Oradan bir müthiş bir enerji yayılıyor, olumlu bir enerji. Aksi olsa, oradaki o kadar insan aklından kötülük, haset geçirse nefes alamaz hale gelirsin, öyle bir karanlık basar içine.

İşte kutsal topraklarda tam tersine ben aydınlığı, ışığı hissettim.

Herkesle “bir” oldum.

Kabe’ye çekildim, mıktanıs gibi…

Etrafında tavaf ederken sanki uçan bir halının üzerinde gibiydim.

Kesik, kesik anlatıyorum, kusura bakmayın.

Önce bir dökeyim içimi, sonra gün be gün anlatırım.

Ama sizi uyarıyorum, ben böyle biriyim, duygularımı uçta yaşıyorum, belki de hislerimi abartıyorum, belki başkaları benim gibi hissetmeyebilir…

Ama ben, benim gibi hisseden bir grupla gittim.

Kuantumcu mu istersiniz, şaman mı, cerrah mı, mücevver tasarımcısı mı, iş adamı mı, avukat mı, mimar mı strateji uzmanı mı…

Birbirinden renkli, birbirinden değişik insanlar!

Hepimizin enerjisi tuttu.

Aramızda bir “çıkıntı” yoktu.

Müthiş uyumluyduk.

Ve başımızda iki muazzam hoca vardı.

Biri Hafız Selman Okumuş, diğeri İlahiyatçı Recep Can. Kutsal Topraklar’a onlarla gitmek de bir şanstı.
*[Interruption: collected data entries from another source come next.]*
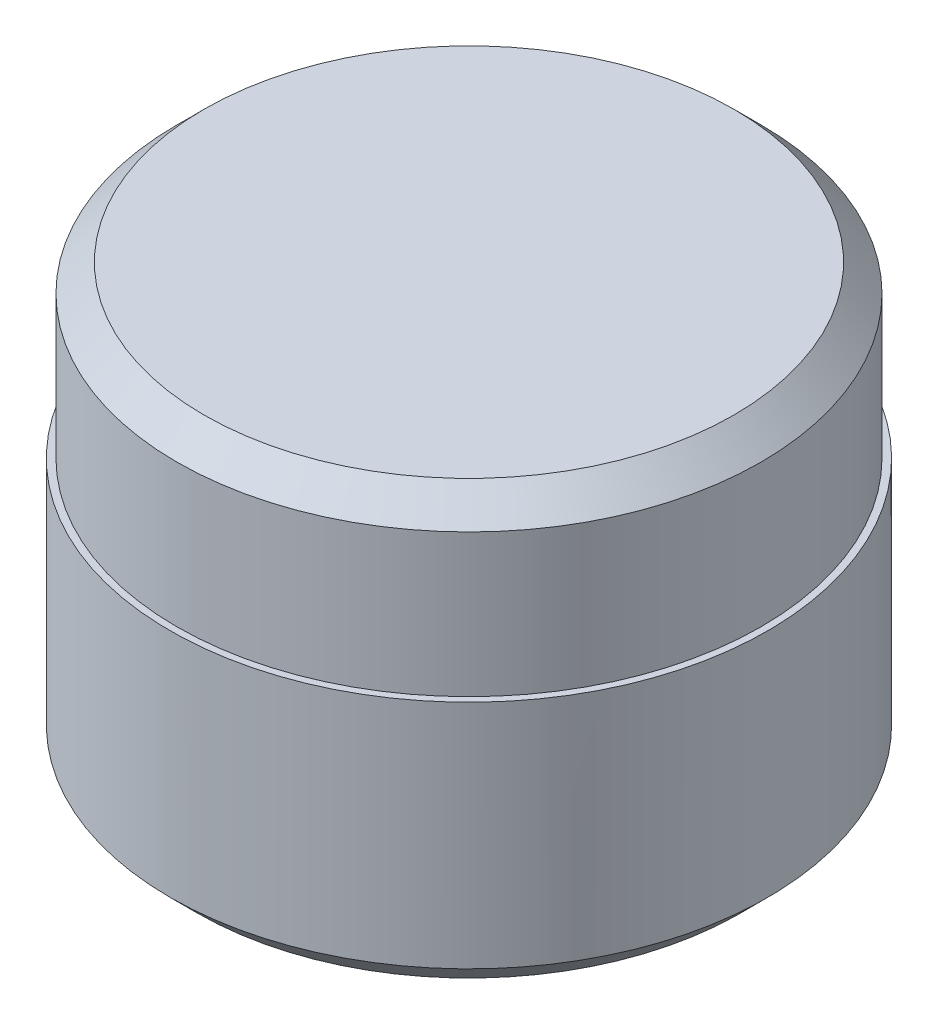
SolidWorks part; units mm, degrees
ref_plane "Front Plane" through (0, 0, 0) normal (0, 0, 1) x (1, 0, 0)
ref_plane "Top Plane" through (0, 0, 0) normal (0, 1, 0) x (1, 0, 0)
ref_plane "Right Plane" through (0, 0, 0) normal (1, 0, 0) x (0, 0, -1)
sketch "Sketch1" plane through (0, 0, 0) normal (0, 1, 0) x (1, 0, 0)
  circle A0 centre (0, 0) radius 4.4
  dimension "D1" = 8.8
extrude "Boss-Extrude1" add sketch "Sketch1" along normal blind 3.8
sketch "Sketch2" plane through (0, 3.8, 0) normal (0, 1, 0) x (1, 0, 0)
  circle A0 centre (0, 0) radius 4.3
  dimension "D1" = 8.6
extrude "Boss-Extrude2" add sketch "Sketch2" along normal blind 2.5
chamfer "Chamfer1" distance 0.4 angle 45 2 edges at (0, 0, 4.4) (0, 6.3, 4.3)
equation "\"pin_circle_R\" = 27"
equation "\"ecc\" = 1.5"
equation "\"n_pins\" = 11"
equation "\"pin_d\" = 3"
equation "\"out_pin_R\" = 18.5"
equation "\"disc_clr\" = 0.1"
equation "\"seat_6803\" = 26.1"
equation "\"disc_t\" = 5"
equation "\"out_hole_clr\" = 0.5"
equation "\"boss_17\" = 17.13"
equation "\"rotor_bolt_R\" = 10"
equation "\"m25_clr\" = 2.8"
equation "\"m25_head\" = 5"
equation "\"insert_hole\" = 4.4"
equation "\"csk\" = 0.6"
equation "\"peg_d\" = 3.0"
equation "\"plug_d\" = 8.6"
equation "\"D1@Sketch1\"=\"plug_shaft_d\""
equation "\"seat_6806\" = 42.1"
equation "\"peg_clr\" = 0.3"
equation "\"m3_clr\" = 3.4"
equation "\"m3_head\" = 6.2"
equation "\"pin_press\" = 3.2"
equation "\"pin_slip\" = 3.35"
equation "\"hub_30\" = 30.18"
equation "\"hub_short\" = 0.2"
equation "\"m3_tap\" = 2.8"
equation "\"rear_plate_t\" = 2"
equation "\"motor_ring\" = 40.4"
equation "\"plug_shaft_d\" = 8.8"
equation "\"D1@Sketch2\"=\"plug_d\""
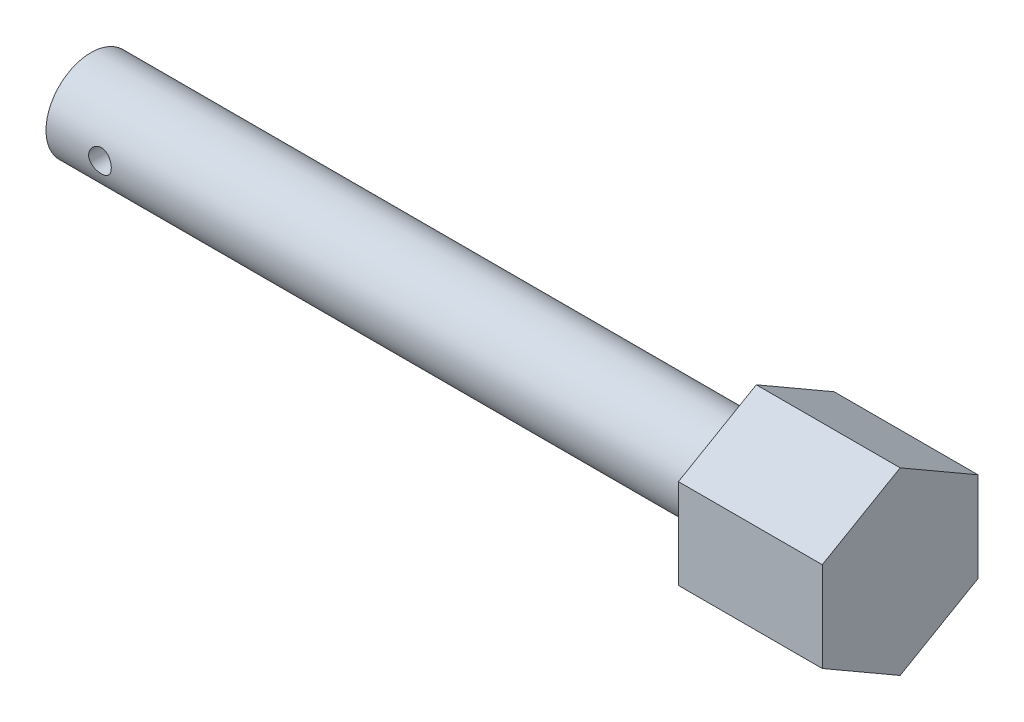
SolidWorks part; units mm, degrees
ref_plane "Front Plane" through (0, 0, 0) normal (0, 0, 1) x (1, 0, 0)
ref_plane "Top Plane" through (0, 0, 0) normal (0, 1, 0) x (1, 0, 0)
ref_plane "Right Plane" through (0, 0, 0) normal (1, 0, 0) x (0, 0, -1)
sketch "Sketch1" plane through (0, 0, 0) normal (1, 0, 0) x (0, 0, -1)
  circle A0 centre (0, 0) radius 3.175
extrude "Boss-Extrude2" add sketch "Sketch1" along normal blind 46.99 contours A0
sketch "Sketch2" plane through (46.99, 0, 0) normal (1, 0, 0) x (0, 0, -1)
  line L1 (-5.4993, 3.175) -> (-5.4993, -3.175)
  line L2 (-5.4993, -3.175) -> (0, -6.35)
  line L3 (0, -6.35) -> (5.4993, -3.175)
  line L4 (5.4993, -3.175) -> (5.4993, 3.175)
  line L5 (5.4993, 3.175) -> (0, 6.35)
  line L6 (0, 6.35) -> (-5.4993, 3.175)
  circle A0 centre (0, 0) radius 5.4993 construction
  dimension "D1" = 6.35
extrude "Boss-Extrude3" add sketch "Sketch2" along normal blind 10.16
sketch "Sketch3" plane through (0, 0, 0) normal (-1, 0, 0) x (0, 0, 1)
  circle A0 centre (0, 0) radius 1.778
  circle A1 centre (0, 0) radius 3.175
extrude "Cut-Extrude1" cut sketch "Sketch3" against normal blind 19.05
sketch "Sketch6" plane through (0, 0, 0) normal (-1, 0, 0) x (0, 0, 1)
  circle A0 centre (0, 0) radius 3.175
extrude "Boss-Extrude5" add sketch "Sketch6" against normal blind 49.022
sketch "Sketch7" plane through (0, 0, 0) normal (-1, 0, 0) x (0, 0, 1)
  line L1 (-0.4893, 0.7146) -> (-0.8635, -0.0664)
  line L2 (-0.8635, -0.0664) -> (-0.3742, -0.781)
  line L3 (-0.3742, -0.781) -> (0.4893, -0.7146)
  line L4 (0.4893, -0.7146) -> (0.8635, 0.0664)
  line L5 (0.8635, 0.0664) -> (0.3742, 0.781)
  line L6 (0.3742, 0.781) -> (-0.4893, 0.7146)
  circle A0 centre (0, 0) radius 0.75 construction
extrude "Cut-Extrude5" cut sketch "Sketch7" against normal blind 38.1
sketch "Sketch9" plane through (0, 0, 0) normal (-1, 0, 0) x (0, 0, 1)
  circle A0 centre (0, 0) radius 0.866
extrude "Cut-Extrude7" cut sketch "Sketch9" against normal blind 46.99 contours A0
sketch "Sketch10" plane through (0, 0, 5.4993) normal (0, 0, 1) x (1, 0, 0)
  line L0 (0, -3.175) -> (46.99, -3.175) construction
  circle A0 centre (3.81, 0) radius 0.8001
  dimension "D1" = 1.6002
  dimension "D2" = 3.81
  dimension "D3" = 3.175
extrude "Cut-Extrude8" cut sketch "Sketch10" against normal blind 5.334 contours A0
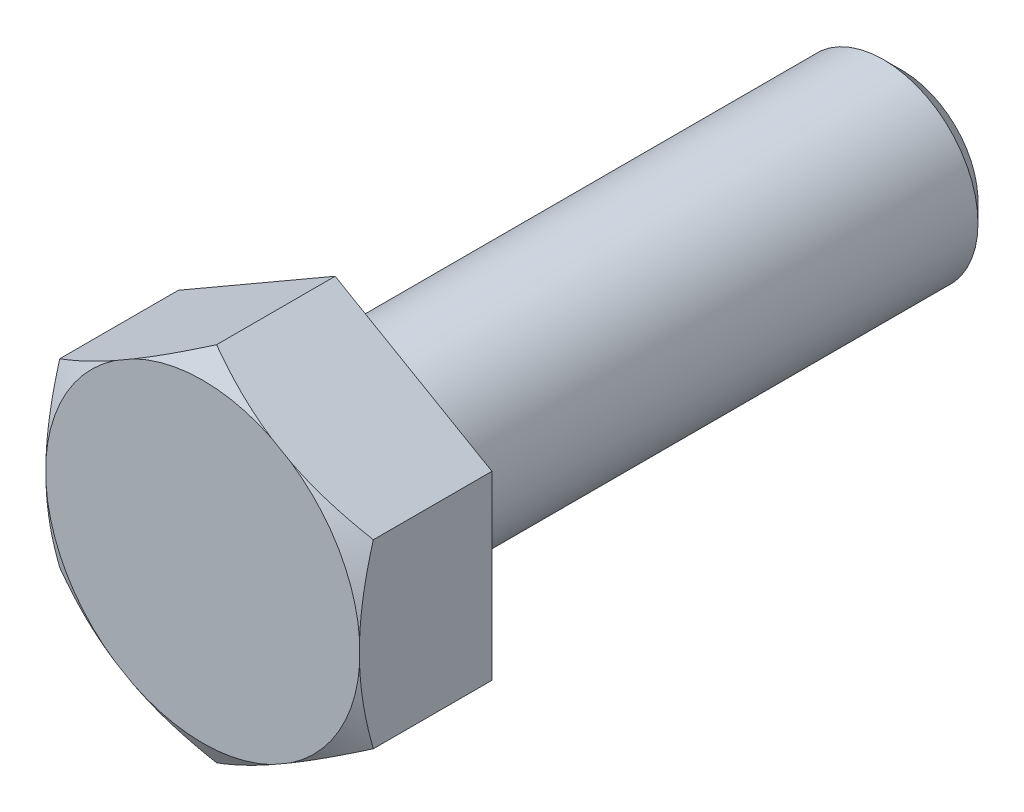
SolidWorks part; units mm, degrees
material "Простая углеродистая сталь"
ref_plane "Спереди" through (0, 0, 0) normal (0, 0, 1) x (1, 0, 0)
ref_plane "Сверху" through (0, 0, 0) normal (0, 1, 0) x (1, 0, 0)
ref_plane "Справа" through (0, 0, 0) normal (1, 0, 0) x (0, 0, -1)
sketch "Эскиз1" plane through (0, 0, 0) normal (0, 1, 0) x (1, 0, 0)
  line L0 (0, 0) -> (-4, 0)
  line L1 (-4, 0) -> (-4, 2.8)
  line L2 (-4, 2.8) -> (-2, 2.8)
  line L3 (-2, 2.8) -> (-2, 14.8)
  line L4 (-2, 14.8) -> (0, 14.8)
  line L5 (0, 14.8) -> (0, 0)
  dimension "D1" = 4
  dimension "D2" = 2.8
  dimension "D3" = 12
  dimension "D4" = 2
revolve "Повернуть1" add sketch "Эскиз1" angle 360 about L5
sketch "Эскиз2" plane through (0, 0, 0) normal (0, 0, 1) x (1, 0, 0)
  line L1 (0, 3.83) -> (-3.3169, 1.915)
  line L2 (-3.3169, 1.915) -> (-3.3169, -1.915)
  line L3 (-3.3169, -1.915) -> (0, -3.83)
  line L4 (0, -3.83) -> (3.3169, -1.915)
  line L5 (3.3169, -1.915) -> (3.3169, 1.915)
  line L6 (3.3169, 1.915) -> (0, 3.83)
  circle A0 centre (0, 0) radius 3.3169 construction
  dimension "D1" = 7.66
extrude "Вырез-Вытянуть1" cut sketch "Эскиз2" against normal up to surface (2.8 mm away) flip side to cut up to face at (-4, 0, -2.8)
sketch "Эскиз3" plane through (0, 0, 0) normal (1, 0, 0) x (0, 0, -1)
  line L1 (0, 0) -> (-50000, 0) construction
  line L3 (0, 3.83) -> (0.2916, 3.83)
  line L5 (2.8, 3.83) -> (0, 3.83) construction
  line L12 (0.2916, 3.83) -> (0, 3.325)
  line L13 (0, 1.915) -> (0, 3.83) construction
  line L14 (0, 3.325) -> (0, 3.83)
  dimension "D1" = 30
  dimension "D2" = 3.325
revolve "Вырез-Повернуть1" cut sketch "Эскиз3" angle 360 about L1
chamfer "Фаска1" distance 0.4 angle 45 1 edges at (-2, 0, -14.8)
fillet "Скругление1" radius 0.4 1 edges at (-2, 0, -2.8)

Düz, duygusuz, sadece bilgi verici açıklamalar yerine, katman katman din tarihi ve kültürü dinledik.

Ben 45 yaşındayım ve şimdiye kadar hiç namaz kılmadım.

Orada 4 gün boyunca, 5 vakit kıldım.

Tanla ve ben, grubun çocuğu gibiydik, onlar da bizim abimiz, ablamız gibiydi.

Bize gösterdiler, duaları öğrettiler.

Tarifi olmayan bir mutluluk içindeydik.

Namaz kılmanın insanı müthiş rahatlatan bir yanı varmış.

Hele secde etmek, inanılmaz bir teslimiyetmiş.

Milyonlarca insanın arasında “hiç kimse” olmak, teslim olmak, kendini oradaki enerjiye bırakmak, bütün hayatımı gözden geçirmeme sebep oldu…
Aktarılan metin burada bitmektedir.